O Bucha tira os óculos, profundamente perturbado.
- Não sei, Rafael. Temos de continuar, apenas isto.
(...)
- Ora bem - continua o Deus das Moscas (...) - Não há ninguém que te ajude. Só eu. E eu sou a Fera. (...) Eu sou parte de ti próprio. Aproxima-te, aproxima-te ainda mais! Sou eu o motivo por que não se pode ir mais além? Porque é que as coisas são o que são? (...) A cabeça de Simão vacila (...).
Muito antes de Rafael e o Bucha chegarem à fala com o bando de Jack, podiam ouvir o alvoroço da festa. (...) Uma fogueira ardia no rochedo e gordura escorria da carne assada para o meio de chamas invisíveis. Todos os rapazes da ilha, excepto o Buda, o Rafael, o Simão e os dois que olhavam pelo animal, se encontravam agrupados no capim. Riam, cantavam, deitavam-se, agachavam-se, ou estavam de pé na relva, agarrando a carne com ambas as mãos. (...). Antes de a festa começar, tinham trazido um grande cepo para o centro do relvão, e Jack, pintado e engrinaldado, sentara-se ali como um ídolo. (...)
Jack ergue-se e acena com a lança:
- Dêem-lhes carne.
Os rapazes que tinham o espeto oferecem um naco suculento a Rafael e outro ao Bucha. Eles aceitam a dávida com água na boca. (...)
Jack acena de novo com a lança:
- Comeram todos tanto quanto queriam? (...) - Quem quer vir para a minha tribo?
Rafael faz um movimento súbito (...)
- Eu dei-vos comida - começa Jack - e os meus caçadores hão-de proteger-vos da fera. Quem quer vir para a minha tribo?
- Eu sou o chefe - interpõe Rafael - , porque me escolhestes. E íeis manter a fogueira acesa. Agora correis atrás da comida...
- Foi o que tu também fizeste! - grita Jack. - Olha para esse osso que tens nas mãos!
Rafel cora violentamente.
- Eu disse que vocês eram caçadores. É o vosso ofício.

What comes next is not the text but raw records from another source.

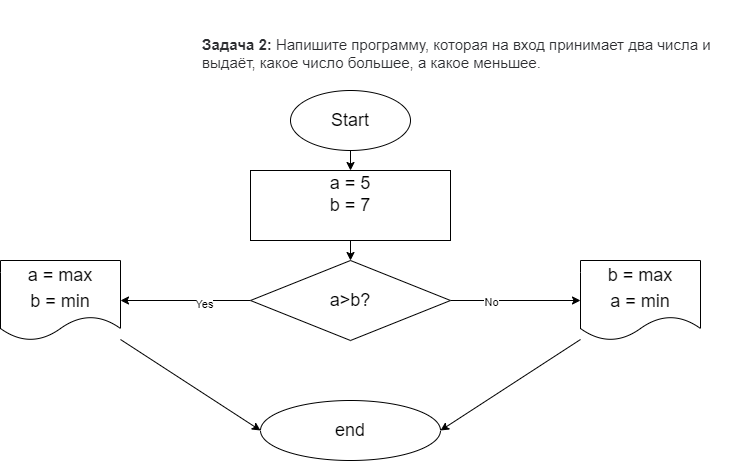

The diagram above was exported from draw.io. Its source (the exported page's mxGraphModel, read from the mxfile embedded in the PNG):
<mxGraphModel dx="1959" dy="1655" grid="1" gridSize="10" guides="1" tooltips="1" connect="1" arrows="1" fold="1" page="1" pageScale="1" pageWidth="827" pageHeight="1169" math="0" shadow="0">
  <root>
    <mxCell id="0" />
    <mxCell id="1" parent="0" />
    <mxCell id="2" value="" style="edgeStyle=none;html=1;fontSize=18;" edge="1" parent="1" source="3" target="5">
      <mxGeometry relative="1" as="geometry" />
    </mxCell>
    <mxCell id="3" value="Start" style="ellipse;whiteSpace=wrap;html=1;fontSize=18;" vertex="1" parent="1">
      <mxGeometry x="140" y="10" width="120" height="60" as="geometry" />
    </mxCell>
    <mxCell id="13" value="" style="edgeStyle=none;html=1;" edge="1" parent="1" source="5" target="12">
      <mxGeometry relative="1" as="geometry" />
    </mxCell>
    <mxCell id="5" value="&lt;span style=&quot;color: rgba(0 , 0 , 0 , 0) ; font-family: monospace ; font-size: 0px&quot;&gt;aphModel%3E%3Croot%3E%3CmxCell%20id%3D%220%22%2F%3E%3CmxCell%20id%3D%221%22%20parent%3D%220%22%2F%3E%3CmxCell%20id%3D%222%22%20value%3D%22%22%20style%3D%22edgeStyle%3Dnone%3Bhtml%3D1%3BfontSize%3D18%3B%22%20edge%3D%221%22%20source%3D%223%22%20target%3D%225%22%20parent%3D%221%22%3E%3CmxGeometry%20relative%3D%221%22%20as%3D%22geometry%22%2F%3E%3C%2FmxCell%3E%3CmxCell%20id%3D%223%22%20value%3D%22Start%22%20style%3D%22ellipse%3BwhiteSpace%3Dwrap%3Bhtml%3D1%3BfontSize%3D18%3B%22%20vertex%3D%221%22%20parent%3D%221%22%3E%3CmxGeometry%20x%3D%22140%22%20y%3D%2210%22%20width%3D%22120%22%20height%3D%2260%22%20as%3D%22geometry%22%2F%3E%3C%2FmxCell%3E%3CmxCell%20id%3D%224%22%20value%3D%22%22%20style%3D%22edgeStyle%3Dnone%3Bhtml%3D1%3BfontSize%3D18%3B%22%20edge%3D%221%22%20source%3D%225%22%20target%3D%227%22%20parent%3D%221%22%3E%3CmxGeometry%20relative%3D%221%22%20as%3D%22geometry%22%2F%3E%3C%2FmxCell%3E%3CmxCell%20id%3D%225%22%20value%3D%22value%20%3D%2010%22%20style%3D%22whiteSpace%3Dwrap%3Bhtml%3D1%3BfontSize%3D18%3B%22%20vertex%3D%221%22%20parent%3D%221%22%3E%3CmxGeometry%20x%3D%22100%22%20y%3D%2290%22%20width%3D%22200%22%20height%3D%2240%22%20as%3D%22geometry%22%2F%3E%3C%2FmxCell%3E%3CmxCell%20id%3D%226%22%20value%3D%22%22%20style%3D%22edgeStyle%3Dnone%3Bhtml%3D1%3BfontSize%3D18%3B%22%20edge%3D%221%22%20source%3D%227%22%20target%3D%229%22%20parent%3D%221%22%3E%3CmxGeometry%20relative%3D%221%22%20as%3D%22geometry%22%2F%3E%3C%2FmxCell%3E%3CmxCell%20id%3D%227%22%20value%3D%22result%20%3D%26lt%3Bbr%26gt%3Bvalue%20*%20value%26amp%3Bnbsp%3B%22%20style%3D%22whiteSpace%3Dwrap%3Bhtml%3D1%3BfontSize%3D18%3B%22%20vertex%3D%221%22%20parent%3D%221%22%3E%3CmxGeometry%20x%3D%22100%22%20y%3D%22150%22%20width%3D%22200%22%20height%3D%2260%22%20as%3D%22geometry%22%2F%3E%3C%2FmxCell%3E%3CmxCell%20id%3D%228%22%20value%3D%22%22%20style%3D%22edgeStyle%3Dnone%3Bhtml%3D1%3BfontSize%3D18%3B%22%20edge%3D%221%22%20source%3D%229%22%20target%3D%2210%22%20parent%3D%221%22%3E%3CmxGeometry%20relative%3D%221%22%20as%3D%22geometry%22%2F%3E%3C%2FmxCell%3E%3CmxCell%20id%3D%229%22%20value%3D%22result%22%20style%3D%22shape%3Ddocument%3BwhiteSpace%3Dwrap%3Bhtml%3D1%3BboundedLbl%3D1%3BfontSize%3D18%3B%22%20vertex%3D%221%22%20parent%3D%221%22%3E%3CmxGeometry%20x%3D%22100%22%20y%3D%22230%22%20width%3D%22200%22%20height%3D%2280%22%20as%3D%22geometry%22%2F%3E%3C%2FmxCell%3E%3CmxCell%20id%3D%2210%22%20value%3D%22end%22%20style%3D%22ellipse%3BwhiteSpace%3Dwrap%3Bhtml%3D1%3BfontSize%3D18%3B%22%20vertex%3D%221%22%20parent%3D%221%22%3E%3CmxGeometry%20x%3D%22110%22%20y%3D%22340%22%20width%3D%22180%22%20height%3D%2260%22%20as%3D%22geometry%22%2F%3E%3C%2FmxCell%3E%3C%2Froot%3E%3C%2FmxGraphModel%3E&lt;/span&gt;&lt;br&gt;&lt;span style=&quot;color: rgba(0 , 0 , 0 , 0) ; font-family: monospace ; font-size: 0px&quot;&gt;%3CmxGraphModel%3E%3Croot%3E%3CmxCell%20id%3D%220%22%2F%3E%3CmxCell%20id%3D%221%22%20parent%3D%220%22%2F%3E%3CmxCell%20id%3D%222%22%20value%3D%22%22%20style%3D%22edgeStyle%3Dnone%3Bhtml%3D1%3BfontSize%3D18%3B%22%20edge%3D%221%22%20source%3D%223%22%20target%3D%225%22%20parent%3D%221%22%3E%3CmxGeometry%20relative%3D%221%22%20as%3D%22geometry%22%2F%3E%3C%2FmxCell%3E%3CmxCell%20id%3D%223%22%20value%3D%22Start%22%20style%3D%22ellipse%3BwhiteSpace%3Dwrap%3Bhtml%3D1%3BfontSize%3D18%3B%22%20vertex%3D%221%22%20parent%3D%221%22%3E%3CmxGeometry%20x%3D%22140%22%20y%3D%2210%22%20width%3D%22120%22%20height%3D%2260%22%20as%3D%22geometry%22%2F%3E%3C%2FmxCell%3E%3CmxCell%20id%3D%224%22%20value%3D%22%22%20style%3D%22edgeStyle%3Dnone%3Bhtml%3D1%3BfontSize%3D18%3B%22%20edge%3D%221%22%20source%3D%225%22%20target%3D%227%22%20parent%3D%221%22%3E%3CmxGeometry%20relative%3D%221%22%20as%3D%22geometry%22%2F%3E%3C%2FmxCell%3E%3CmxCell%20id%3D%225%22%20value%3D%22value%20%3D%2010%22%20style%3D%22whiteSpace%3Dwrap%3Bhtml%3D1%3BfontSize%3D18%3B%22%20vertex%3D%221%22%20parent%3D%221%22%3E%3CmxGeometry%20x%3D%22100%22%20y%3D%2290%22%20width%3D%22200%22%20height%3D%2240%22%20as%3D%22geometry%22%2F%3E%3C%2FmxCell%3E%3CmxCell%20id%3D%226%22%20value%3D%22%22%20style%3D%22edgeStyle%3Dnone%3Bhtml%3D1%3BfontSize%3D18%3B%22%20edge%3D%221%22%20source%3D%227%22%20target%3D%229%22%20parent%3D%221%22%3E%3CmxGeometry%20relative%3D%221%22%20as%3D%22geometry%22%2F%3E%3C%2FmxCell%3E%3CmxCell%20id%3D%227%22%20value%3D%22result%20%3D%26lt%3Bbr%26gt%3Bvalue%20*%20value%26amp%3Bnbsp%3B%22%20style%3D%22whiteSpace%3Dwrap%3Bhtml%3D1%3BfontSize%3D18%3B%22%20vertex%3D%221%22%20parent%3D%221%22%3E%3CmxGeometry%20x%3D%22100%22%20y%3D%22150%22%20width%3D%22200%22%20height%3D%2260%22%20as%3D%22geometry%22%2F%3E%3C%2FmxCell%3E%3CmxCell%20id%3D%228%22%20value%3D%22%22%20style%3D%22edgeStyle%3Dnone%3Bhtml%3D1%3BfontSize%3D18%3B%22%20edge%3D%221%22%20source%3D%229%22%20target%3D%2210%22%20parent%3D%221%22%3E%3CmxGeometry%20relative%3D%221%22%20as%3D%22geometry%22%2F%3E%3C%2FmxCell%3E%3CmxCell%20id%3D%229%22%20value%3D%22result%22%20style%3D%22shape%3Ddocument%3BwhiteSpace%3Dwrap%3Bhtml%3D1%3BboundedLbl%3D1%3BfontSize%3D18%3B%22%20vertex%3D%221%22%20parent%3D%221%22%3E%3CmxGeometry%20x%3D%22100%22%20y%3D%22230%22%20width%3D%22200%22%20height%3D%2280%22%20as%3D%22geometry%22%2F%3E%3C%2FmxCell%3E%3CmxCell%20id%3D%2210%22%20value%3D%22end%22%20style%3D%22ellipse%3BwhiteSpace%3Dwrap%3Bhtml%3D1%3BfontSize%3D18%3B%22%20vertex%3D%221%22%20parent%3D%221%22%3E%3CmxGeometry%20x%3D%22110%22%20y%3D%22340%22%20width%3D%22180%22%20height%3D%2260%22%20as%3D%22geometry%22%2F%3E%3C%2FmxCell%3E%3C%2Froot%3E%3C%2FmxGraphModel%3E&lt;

Jack ignora-o mais uma vez.
- Quem quer vir para a minha tribo e divertir-se? (...)
Jack salta para o areal:
- Vamos! Toca a dançar! A nossa dança! (...)
Os caçadores empunham as lanças, os cozinheiros agarram nos espetos e outros em achas de lenha. Desenha-se um movimento circular e eleva-se um cântico. (...) O Bucha e o Rafael, sob ameaça do céu, sentem o desejo de tomar parte nesta sociedade dementada, mas, de certo modo, segura. (...)
- Mata a fera! Corta-lhe as goelas! Espalha o sangue!
(...) Alguma coisa rasteja, vinda das bandas da mata. (...) Simão grita qualquer coisa (...) O grande vagalhão da maré alastra pela ilha e a água engrossa. Brandamente, engrinaldo de curiosas criaturas brilhantes, o corpo de Simão, figura ârgentea sob as constelações firmes, voga para o mar largo. (...)
Eu vim por causa do fogo - explica Rafael - e por causa dos óculos do Bucha.
O grupo move-se e gargalhadas retinem abertamente (...)
Jack, identificável pela personalidade e cabeleira ruiva, avançava das bandas da mata. (...) berra acima do vozerio:
- Vai-te embora, Rafael. Não saias da tua ponta. Esta é a parte que me pertence e à minha tribo. Deixa-me em paz.
Os apupos morrem.
- Tu pinaste os óculos ao Bucha - acusa Rafael, ofegante. - Tens de os devolver.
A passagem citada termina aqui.